SWE value differences between benign and malignant patients with PSA levels >20 ng/mL. A 60-year-old patient, with a PSA of 20.38 ng/mL, underwent transrectal prostate biopsy. The pathology confirmed BPH. (A) TRUS. (B) SWE image. ROIs were placed in the color-coded area. SWE value of 43.6 kPa, consistent with BPH. A 68-year-old patient, with a PSA of 22.49 ng/mL, underwent transrectal prostate biopsy. The pathology confirmed GG 3 [Gleason (4+3)] cancer. (C) TRUS. (D) SWE image. ROIs were placed in the red-coded area. SWE value of 91.5 kPa, consistent with PCa. BPH, benign prostatic hyperplasia; GG, grade group; PCa, prostate cancer; PSA, prostate-specific antigen; ROI, region of interest; SWE, shear wave elastography; TRUS, transrectal ultrasound.
This study systematically assessed the diagnostic accuracy of SWE, PSA, PSAD, and PV in discriminating benign and malignant prostate pathologies among patients with suspected PCa.

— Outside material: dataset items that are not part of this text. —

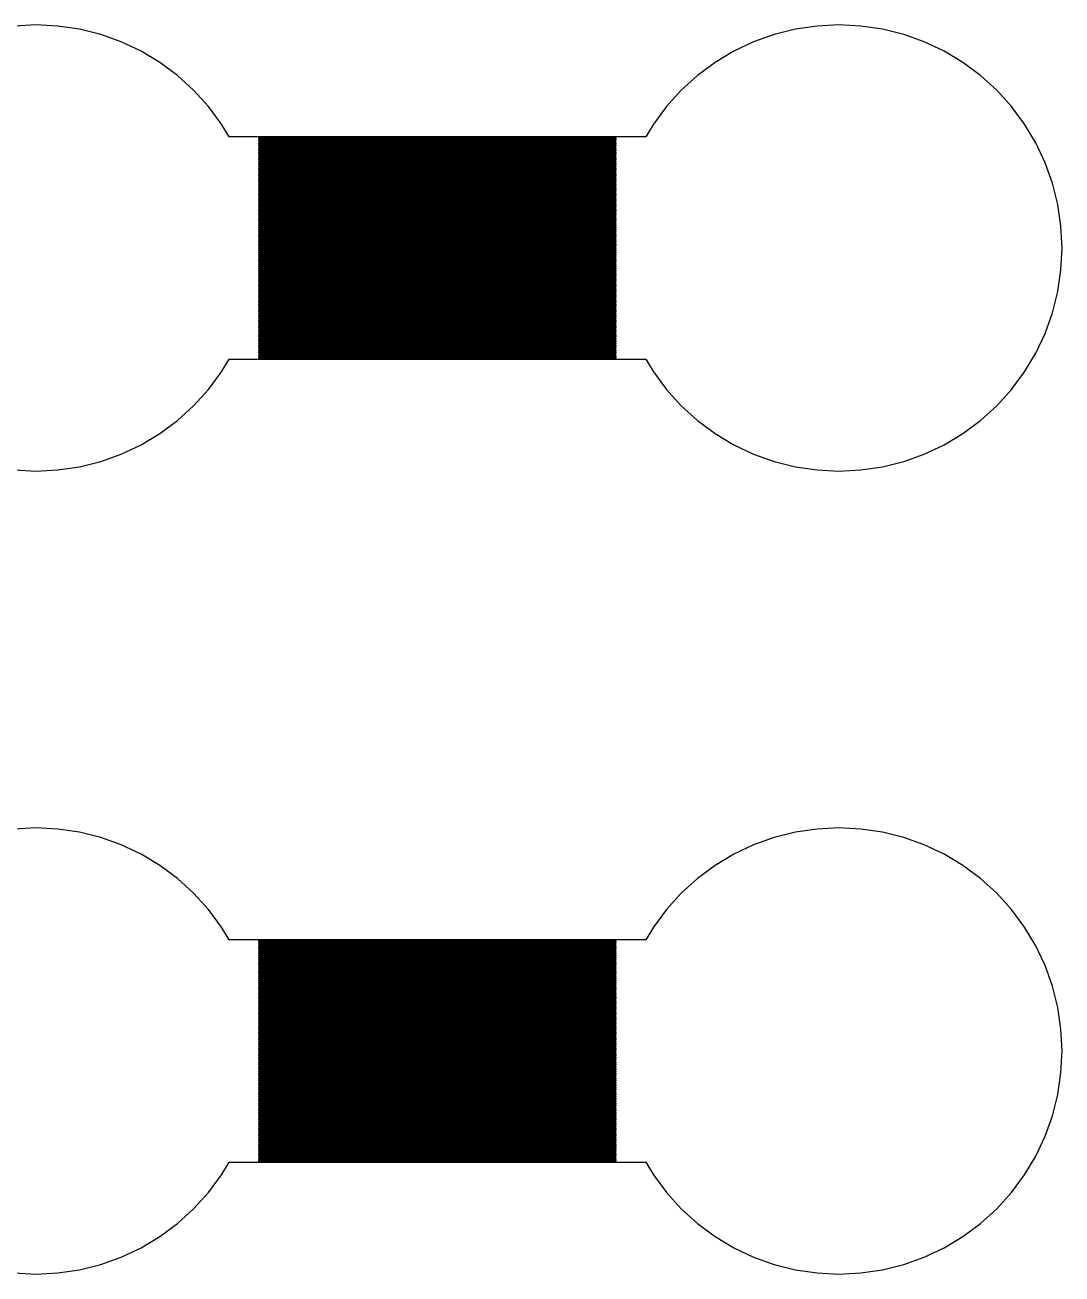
# Model space of a CAD drawing. Extents: x -73 to 181, y -8 to 80.
# Drawn here: x 13.38 to 25, y 38 to 52 of the extents above; entities that cross this region are included whole.
import ezdxf

# ---------------------------------------------------------------- set-up
doc = ezdxf.new("R2010")
doc.units = 0

msp = doc.modelspace()

# ---------------------------------------------------------------- linework, layer by layer
for p, q in [((13.5, 52), (13.2549, 51.988)), ((13.7451, 51.988), (13.5, 52)), ((13.9877, 51.952), (13.7451, 51.988)), ((14.2257, 51.8923), (13.9877, 51.952)), ((22.0123, 51.952), (21.7743, 51.8923)), ((22.2549, 51.988), (22.0123, 51.952)), ((22.5, 52), (22.2549, 51.988)), ((22.745, 51.988), (22.5, 52)), ((22.9877, 51.952), (22.745, 51.988)), ((23.2257, 51.8923), (22.9877, 51.952)), ((14.4567, 51.8097), (14.2257, 51.8923)), ((14.6785, 51.7048), (14.4567, 51.8097)), ((21.5433, 51.8097), (21.3215, 51.7048)), ((21.7743, 51.8923), (21.5433, 51.8097)), ((23.4567, 51.8097), (23.2257, 51.8923)), ((23.6785, 51.7048), (23.4567, 51.8097)), ((14.8889, 51.5787), (14.6785, 51.7048)), ((21.3215, 51.7048), (21.1111, 51.5787)), ((23.8889, 51.5787), (23.6785, 51.7048)), ((15.086, 51.4325), (14.8889, 51.5787)), ((21.1111, 51.5787), (20.914, 51.4325)), ((24.086, 51.4325), (23.8889, 51.5787)), ((15.2678, 51.2678), (15.086, 51.4325)), ((20.914, 51.4325), (20.7322, 51.2678)), ((24.2678, 51.2678), (24.086, 51.4325)), ((15.4325, 51.086), (15.2678, 51.2678)), ((20.7322, 51.2678), (20.5675, 51.086)), ((24.4325, 51.086), (24.2678, 51.2678)), ((15.5787, 50.8889), (15.4325, 51.086)), ((20.5675, 51.086), (20.4213, 50.8889)), ((24.5787, 50.8889), (24.4325, 51.086)), ((15.6649, 50.745), (15.5787, 50.8889)), ((20.4213, 50.8889), (20.3351, 50.745)), ((24.7048, 50.6785), (24.5787, 50.8889)), ((20.3351, 50.745), (15.6649, 50.745)), ((16, 50.725), (16, 50.735)), ((16, 50.735), (20, 50.735)), ((20, 50.725), (16, 50.725)), ((16, 50.705), (16, 50.715)), ((16, 50.715), (20, 50.715)), ((20, 50.705), (16, 50.705)), ((16, 50.685), (16, 50.695)), ((16, 50.695), (20, 50.695)), ((20, 50.685), (16, 50.685)), ((20, 50.735), (20, 50.725)), ((20, 50.715), (20, 50.705)), ((20, 50.695), (20, 50.685)), ((16, 50.665), (16, 50.675)), ((16, 50.675), (20, 50.675)), ((20, 50.665), (16, 50.665)), ((16, 50.645), (16, 50.655)), ((16, 50.655), (20, 50.655)), ((20, 50.645), (16, 50.645)), ((16, 50.625), (16, 50.635)), ((16, 50.635), (20, 50.635)), ((20, 50.625), (16, 50.625)), ((16, 50.605), (16, 50.615)), ((16, 50.615), (20, 50.615)), ((20, 50.605), (16, 50.605)), ((16, 50.585), (16, 50.595)), ((16, 50.595), (20, 50.595)), ((20, 50.585), (16, 50.585)), ((16, 50.565), (16, 50.575)), ((16, 50.575), (20, 50.575)), ((20, 50.565), (16, 50.565)), ((16, 50.545), (16, 50.555)), ((16, 50.555), (20, 50.555)), ((20, 50.545), (16, 50.545)), ((20, 50.675), (20, 50.665)), ((20, 50.655), (20, 50.645)), ((20, 50.635), (20, 50.625)), ((20, 50.615), (20, 50.605)), ((20, 50.595), (20, 50.585)), ((20, 50.575), (20, 50.565)), ((20, 50.555), (20, 50.545)), ((24.8097, 50.4567), (24.7048, 50.6785)), ((16, 50.525), (16, 50.535)), ((16, 50.535), (20, 50.535)), ((20, 50.525), (16, 50.525)), ((16, 50.505), (16, 50.515)), ((16, 50.515), (20, 50.515)), ((20, 50.505), (16, 50.505)), ((16, 50.485), (16, 50.495)), ((16, 50.495), (20, 50.495)), ((20, 50.485), (16, 50.485)), ((16, 50.465), (16, 50.475)), ((16, 50.475), (20, 50.475)), ((20, 50.465), (16, 50.465)), ((16, 50.445), (16, 50.455)), ((16, 50.455), (20, 50.455)), ((20, 50.445), (16, 50.445)), ((16, 50.425), (16, 50.435)), ((16, 50.435), (20, 50.435)), ((20, 50.425), (16, 50.425)), ((16, 50.405), (16, 50.415)), ((16, 50.415), (20, 50.415)), ((20, 50.405), (16, 50.405)), ((20, 50.535), (20, 50.525)), ((20, 50.515), (20, 50.505)), ((20, 50.495), (20, 50.485)), ((20, 50.475), (20, 50.465)), ((20, 50.455), (20, 50.445)), ((20, 50.435), (20, 50.425)), ((20, 50.415), (20, 50.405)), ((24.8923, 50.2257), (24.8097, 50.4567)), ((16, 50.385), (16, 50.395)), ((16, 50.395), (20, 50.395)), ((20, 50.385), (16, 50.385)), ((16, 50.365), (16, 50.375)), ((16, 50.375), (20, 50.375)), ((20, 50.365), (16, 50.365)), ((16, 50.345), (16, 50.355)), ((16, 50.355), (20, 50.355)), ((20, 50.345), (16, 50.345)), ((16, 50.325), (16, 50.335)), ((16, 50.335), (20, 50.335)), ((20, 50.325), (16, 50.325)), ((16, 50.305), (16, 50.315)), ((16, 50.315), (20, 50.315)), ((20, 50.305), (16, 50.305)), ((16, 50.285), (16, 50.295)), ((16, 50.295), (20, 50.295)), ((20, 50.285), (16, 50.285)), ((16, 50.265), (16, 50.275)), ((16, 50.275), (20, 50.275)), ((20, 50.265), (16, 50.265)), ((20, 50.395), (20, 50.385)), ((20, 50.375), (20, 50.365)), ((20, 50.355), (20, 50.345)), ((20, 50.335), (20, 50.325)), ((20, 50.315), (20, 50.305)), ((20, 50.295), (20, 50.285)), ((20, 50.275), (20, 50.265)), ((16, 50.245), (16, 50.255)), ((16, 50.255), (20, 50.255)), ((20, 50.245), (16, 50.245)), ((16, 50.225), (16, 50.235)), ((16, 50.235), (20, 50.235)), ((20, 50.225), (16, 50.225)), ((16, 50.205), (16, 50.215)), ((16, 50.215), (20, 50.215)), ((20, 50.205), (16, 50.205)), ((16, 50.185), (16, 50.195)), ((16, 50.195), (20, 50.195)), ((20, 50.185), (16, 50.185)), ((16, 50.165), (16, 50.175)), ((16, 50.175), (20, 50.175)), ((20, 50.165), (16, 50.165)), ((16, 50.145), (16, 50.155)), ((16, 50.155), (20, 50.155)), ((20, 50.145), (16, 50.145)), ((16, 50.125), (16, 50.135)), ((16, 50.135), (20, 50.135)), ((20, 50.125), (16, 50.125)), ((20, 50.255), (20, 50.245)), ((20, 50.235), (20, 50.225)), ((20, 50.215), (20, 50.205)), ((20, 50.195), (20, 50.185)), ((20, 50.175), (20, 50.165)), ((20, 50.155), (20, 50.145)), ((20, 50.135), (20, 50.125)), ((24.952, 49.9877), (24.8923, 50.2257)), ((16, 50.105), (16, 50.115)), ((16, 50.115), (20, 50.115)), ((20, 50.105), (16, 50.105)), ((16, 50.085), (16, 50.095)), ((16, 50.095), (20, 50.095)), ((20, 50.085), (16, 50.085)), ((16, 50.065), (16, 50.075)), ((16, 50.075), (20, 50.075)), ((20, 50.065), (16, 50.065)), ((16, 50.045), (16, 50.055)), ((16, 50.055), (20, 50.055)), ((20, 50.045), (16, 50.045)), ((16, 50.025), (16, 50.035)), ((16, 50.035), (20, 50.035)), ((20, 50.025), (16, 50.025)), ((16, 50.005), (16, 50.015)), ((16, 50.015), (20, 50.015)), ((20, 50.005), (16, 50.005)), ((16, 49.985), (16, 49.995)), ((16, 49.995), (20, 49.995)), ((20, 49.985), (16, 49.985)), ((20, 50.115), (20, 50.105)), ((20, 50.095), (20, 50.085)), ((20, 50.075), (20, 50.065)), ((20, 50.055), (20, 50.045)), ((20, 50.035), (20, 50.025)), ((20, 50.015), (20, 50.005)), ((20, 49.995), (20, 49.985)), ((24.988, 49.745), (24.952, 49.9877)), ((16, 49.965), (16, 49.975)), ((16, 49.975), (20, 49.975)), ((20, 49.965), (16, 49.965)), ((16, 49.945), (16, 49.955)), ((16, 49.955), (20, 49.955)), ((20, 49.945), (16, 49.945)), ((16, 49.925), (16, 49.935)), ((16, 49.935), (20, 49.935)), ((20, 49.925), (16, 49.925)), ((16, 49.905), (16, 49.915)), ((16, 49.915), (20, 49.915)), ((20, 49.905), (16, 49.905)), ((16, 49.885), (16, 49.895)), ((16, 49.895), (20, 49.895)), ((20, 49.885), (16, 49.885)), ((16, 49.865), (16, 49.875)), ((16, 49.875), (20, 49.875)), ((20, 49.865), (16, 49.865)), ((16, 49.845), (16, 49.855)), ((16, 49.855), (20, 49.855)), ((20, 49.845), (16, 49.845)), ((20, 49.975), (20, 49.965)), ((20, 49.955), (20, 49.945)), ((20, 49.935), (20, 49.925)), ((20, 49.915), (20, 49.905)), ((20, 49.895), (20, 49.885)), ((20, 49.875), (20, 49.865)), ((20, 49.855), (20, 49.845)), ((16, 49.825), (16, 49.835)), ((16, 49.835), (20, 49.835)), ((20, 49.825), (16, 49.825)), ((16, 49.805), (16, 49.815)), ((16, 49.815), (20, 49.815)), ((20, 49.805), (16, 49.805)), ((16, 49.785), (16, 49.795)), ((16, 49.795), (20, 49.795)), ((20, 49.785), (16, 49.785)), ((16, 49.765), (16, 49.775)), ((16, 49.775), (20, 49.775)), ((20, 49.765), (16, 49.765)), ((16, 49.745), (16, 49.755)), ((16, 49.755), (20, 49.755)), ((20, 49.745), (16, 49.745)), ((16, 49.725), (16, 49.735)), ((16, 49.735), (20, 49.735)), ((20, 49.725), (16, 49.725)), ((16, 49.705), (16, 49.715)), ((16, 49.715), (20, 49.715)), ((20, 49.705), (16, 49.705)), ((20, 49.835), (20, 49.825)), ((20, 49.815), (20, 49.805)), ((20, 49.795), (20, 49.785)), ((20, 49.775), (20, 49.765)), ((20, 49.755), (20, 49.745)), ((20, 49.735), (20, 49.725)), ((20, 49.715), (20, 49.705)), ((25, 49.5), (24.988, 49.745)), ((16, 49.685), (16, 49.695)), ((16, 49.695), (20, 49.695)), ((20, 49.685), (16, 49.685)), ((16, 49.665), (16, 49.675)), ((16, 49.675), (20, 49.675)), ((20, 49.665), (16, 49.665)), ((16, 49.645), (16, 49.655)), ((16, 49.655), (20, 49.655)), ((20, 49.645), (16, 49.645)), ((16, 49.625), (16, 49.635)), ((16, 49.635), (20, 49.635)), ((20, 49.625), (16, 49.625)), ((16, 49.605), (16, 49.615)), ((16, 49.615), (20, 49.615)), ((20, 49.605), (16, 49.605)), ((16, 49.585), (16, 49.595)), ((16, 49.595), (20, 49.595)), ((20, 49.585), (16, 49.585)), ((16, 49.565), (16, 49.575)), ((16, 49.575), (20, 49.575)), ((20, 49.565), (16, 49.565)), ((20, 49.695), (20, 49.685)), ((20, 49.675), (20, 49.665)), ((20, 49.655), (20, 49.645)), ((20, 49.635), (20, 49.625)), ((20, 49.615), (20, 49.605)), ((20, 49.595), (20, 49.585)), ((20, 49.575), (20, 49.565)), ((16, 49.545), (16, 49.555)), ((16, 49.555), (20, 49.555)), ((20, 49.545), (16, 49.545)), ((16, 49.525), (16, 49.535)), ((16, 49.535), (20, 49.535)), ((20, 49.525), (16, 49.525)), ((16, 49.505), (16, 49.515)), ((16, 49.515), (20, 49.515)), ((20, 49.505), (16, 49.505)), ((16, 49.485), (16, 49.495)), ((16, 49.495), (20, 49.495)), ((20, 49.485), (16, 49.485)), ((16, 49.465), (16, 49.475)), ((16, 49.475), (20, 49.475)), ((20, 49.465), (16, 49.465)), ((16, 49.445), (16, 49.455)), ((16, 49.455), (20, 49.455)), ((20, 49.445), (16, 49.445)), ((16, 49.425), (16, 49.435)), ((16, 49.435), (20, 49.435)), ((20, 49.425), (16, 49.425)), ((20, 49.555), (20, 49.545)), ((20, 49.535), (20, 49.525)), ((20, 49.515), (20, 49.505)), ((20, 49.495), (20, 49.485)), ((20, 49.475), (20, 49.465)), ((20, 49.455), (20, 49.445)), ((20, 49.435), (20, 49.425)), ((24.988, 49.255), (25, 49.5)), ((16, 49.405), (16, 49.415)), ((16, 49.415), (20, 49.415)), ((20, 49.405), (16, 49.405)), ((16, 49.385), (16, 49.395)), ((16, 49.395), (20, 49.395)), ((20, 49.385), (16, 49.385)), ((16, 49.365), (16, 49.375)), ((16, 49.375), (20, 49.375)), ((20, 49.365), (16, 49.365)), ((16, 49.345), (16, 49.355)), ((16, 49.355), (20, 49.355)), ((20, 49.345), (16, 49.345)), ((16, 49.325), (16, 49.335)), ((16, 49.335), (20, 49.335)), ((20, 49.325), (16, 49.325)), ((16, 49.305), (16, 49.315)), ((16, 49.315), (20, 49.315)), ((20, 49.305), (16, 49.305)), ((16, 49.285), (16, 49.295)), ((16, 49.295), (20, 49.295)), ((20, 49.285), (16, 49.285)), ((20, 49.415), (20, 49.405)), ((20, 49.395), (20, 49.385)), ((20, 49.375), (20, 49.365)), ((20, 49.355), (20, 49.345)), ((20, 49.335), (20, 49.325)), ((20, 49.315), (20, 49.305)), ((20, 49.295), (20, 49.285)), ((16, 49.265), (16, 49.275)), ((16, 49.275), (20, 49.275)), ((20, 49.265), (16, 49.265)), ((16, 49.245), (16, 49.255)), ((16, 49.255), (20, 49.255)), ((20, 49.245), (16, 49.245)), ((16, 49.225), (16, 49.235)), ((16, 49.235), (20, 49.235)), ((20, 49.225), (16, 49.225)), ((16, 49.205), (16, 49.215)), ((16, 49.215), (20, 49.215)), ((20, 49.205), (16, 49.205)), ((16, 49.185), (16, 49.195)), ((16, 49.195), (20, 49.195)), ((20, 49.185), (16, 49.185)), ((16, 49.165), (16, 49.175)), ((16, 49.175), (20, 49.175)), ((20, 49.165), (16, 49.165)), ((16, 49.145), (16, 49.155)), ((16, 49.155), (20, 49.155)), ((20, 49.145), (16, 49.145)), ((20, 49.275), (20, 49.265)), ((20, 49.255), (20, 49.245)), ((20, 49.235), (20, 49.225)), ((20, 49.215), (20, 49.205)), ((20, 49.195), (20, 49.185)), ((20, 49.175), (20, 49.165)), ((20, 49.155), (20, 49.145)), ((24.952, 49.0123), (24.988, 49.255)), ((16, 49.125), (16, 49.135)), ((16, 49.135), (20, 49.135)), ((20, 49.125), (16, 49.125)), ((16, 49.105), (16, 49.115)), ((16, 49.115), (20, 49.115)), ((20, 49.105), (16, 49.105)), ((16, 49.085), (16, 49.095)), ((16, 49.095), (20, 49.095)), ((20, 49.085), (16, 49.085)), ((16, 49.065), (16, 49.075)), ((16, 49.075), (20, 49.075)), ((20, 49.065), (16, 49.065)), ((16, 49.045), (16, 49.055)), ((16, 49.055), (20, 49.055)), ((20, 49.045), (16, 49.045)), ((16, 49.025), (16, 49.035)), ((16, 49.035), (20, 49.035)), ((20, 49.025), (16, 49.025)), ((16, 49.005), (16, 49.015)), ((16, 49.015), (20, 49.015)), ((20, 49.005), (16, 49.005)), ((20, 49.135), (20, 49.125)), ((20, 49.115), (20, 49.105)), ((20, 49.095), (20, 49.085)), ((20, 49.075), (20, 49.065)), ((20, 49.055), (20, 49.045)), ((20, 49.035), (20, 49.025)), ((20, 49.015), (20, 49.005)), ((24.8923, 48.7743), (24.952, 49.0123)), ((16, 48.985), (16, 48.995)), ((16, 48.995), (20, 48.995)), ((20, 48.985), (16, 48.985)), ((16, 48.965), (16, 48.975)), ((16, 48.975), (20, 48.975)), ((20, 48.965), (16, 48.965)), ((16, 48.945), (16, 48.955)), ((16, 48.955), (20, 48.955)), ((20, 48.945), (16, 48.945)), ((16, 48.925), (16, 48.935)), ((16, 48.935), (20, 48.935)), ((20, 48.925), (16, 48.925)), ((16, 48.905), (16, 48.915)), ((16, 48.915), (20, 48.915)), ((20, 48.905), (16, 48.905)), ((16, 48.885), (16, 48.895)), ((16, 48.895), (20, 48.895)), ((20, 48.885), (16, 48.885)), ((16, 48.865), (16, 48.875)), ((16, 48.875), (20, 48.875)), ((20, 48.865), (16, 48.865)), ((20, 48.995), (20, 48.985)), ((20, 48.975), (20, 48.965)), ((20, 48.955), (20, 48.945)), ((20, 48.935), (20, 48.925)), ((20, 48.915), (20, 48.905)), ((20, 48.895), (20, 48.885)), ((20, 48.875), (20, 48.865)), ((16, 48.845), (16, 48.855)), ((16, 48.855), (20, 48.855)), ((20, 48.845), (16, 48.845)), ((16, 48.825), (16, 48.835)), ((16, 48.835), (20, 48.835)), ((20, 48.825), (16, 48.825)), ((16, 48.805), (16, 48.815)), ((16, 48.815), (20, 48.815)), ((20, 48.805), (16, 48.805)), ((16, 48.785), (16, 48.795)), ((16, 48.795), (20, 48.795)), ((20, 48.785), (16, 48.785)), ((16, 48.765), (16, 48.775)), ((16, 48.775), (20, 48.775)), ((20, 48.765), (16, 48.765)), ((16, 48.745), (16, 48.755)), ((16, 48.755), (20, 48.755)), ((20, 48.745), (16, 48.745)), ((16, 48.725), (16, 48.735)), ((16, 48.735), (20, 48.735)), ((20, 48.725), (16, 48.725)), ((20, 48.855), (20, 48.845)), ((20, 48.835), (20, 48.825)), ((20, 48.815), (20, 48.805)), ((20, 48.795), (20, 48.785)), ((20, 48.775), (20, 48.765)), ((20, 48.755), (20, 48.745)), ((20, 48.735), (20, 48.725)), ((24.8097, 48.5433), (24.8923, 48.7743)), ((16, 48.705), (16, 48.715)), ((16, 48.715), (20, 48.715)), ((20, 48.705), (16, 48.705)), ((16, 48.685), (16, 48.695)), ((16, 48.695), (20, 48.695)), ((20, 48.685), (16, 48.685)), ((16, 48.665), (16, 48.675)), ((16, 48.675), (20, 48.675)), ((20, 48.665), (16, 48.665)), ((16, 48.645), (16, 48.655)), ((16, 48.655), (20, 48.655)), ((20, 48.645), (16, 48.645)), ((16, 48.625), (16, 48.635)), ((16, 48.635), (20, 48.635)), ((20, 48.625), (16, 48.625)), ((16, 48.605), (16, 48.615)), ((16, 48.615), (20, 48.615)), ((20, 48.605), (16, 48.605)), ((16, 48.585), (16, 48.595)), ((16, 48.595), (20, 48.595)), ((20, 48.585), (16, 48.585)), ((20, 48.715), (20, 48.705)), ((20, 48.695), (20, 48.685)), ((20, 48.675), (20, 48.665)), ((20, 48.655), (20, 48.645)), ((20, 48.635), (20, 48.625)), ((20, 48.615), (20, 48.605)), ((20, 48.595), (20, 48.585)), ((16, 48.565), (16, 48.575)), ((16, 48.575), (20, 48.575)), ((20, 48.565), (16, 48.565)), ((16, 48.545), (16, 48.555)), ((16, 48.555), (20, 48.555)), ((20, 48.545), (16, 48.545)), ((16, 48.525), (16, 48.535)), ((16, 48.535), (20, 48.535)), ((20, 48.525), (16, 48.525)), ((16, 48.505), (16, 48.515)), ((16, 48.515), (20, 48.515)), ((20, 48.505), (16, 48.505)), ((16, 48.485), (16, 48.495)), ((16, 48.495), (20, 48.495)), ((20, 48.485), (16, 48.485)), ((16, 48.465), (16, 48.475)), ((16, 48.475), (20, 48.475)), ((20, 48.465), (16, 48.465)), ((16, 48.445), (16, 48.455)), ((16, 48.455), (20, 48.455)), ((20, 48.445), (16, 48.445)), ((20, 48.575), (20, 48.565)), ((20, 48.555), (20, 48.545)), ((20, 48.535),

In the initial evaluation of suspicious patients, PSAD demonstrated better diagnostic efficacy. Elevated PSA levels are associated with increasing age, partly due to PV (14). As many factors influence both PSA and PV, Benson et al. proposed that PSAD could be used as a correction index to improve the ability to differentiate between benign and malignant prostate conditions (15). Early studies used a cut-off value of 0.15 ng/mL2 for PSAD as a reference for distinguishing between benign and malignant prostate conditions, with values above 0.15 ng/mL2 suggesting the possibility of PCa (16,22). This study used a PSAD cut-off value of 0.61 ng/mL2 to differentiate between benign and malignant prostate conditions, achieving sensitivity and specificity of 73.1% and 90.6%, respectively. This cut-off value exceeded that of previous studies, possibly because the PVs of all patients in this study were measured under TRUS guidance, which may differ from measurements taken using MRI. However, Choe et al. revealed that no difference exists between PVs measured by TRUS and those measured by MRI (23). Furthermore, the higher PSAD cutoff value observed in this study can be attributed to the larger proportion of csPCa patients, resulting in an improved screening efficacy for csPCa compared to prior studies.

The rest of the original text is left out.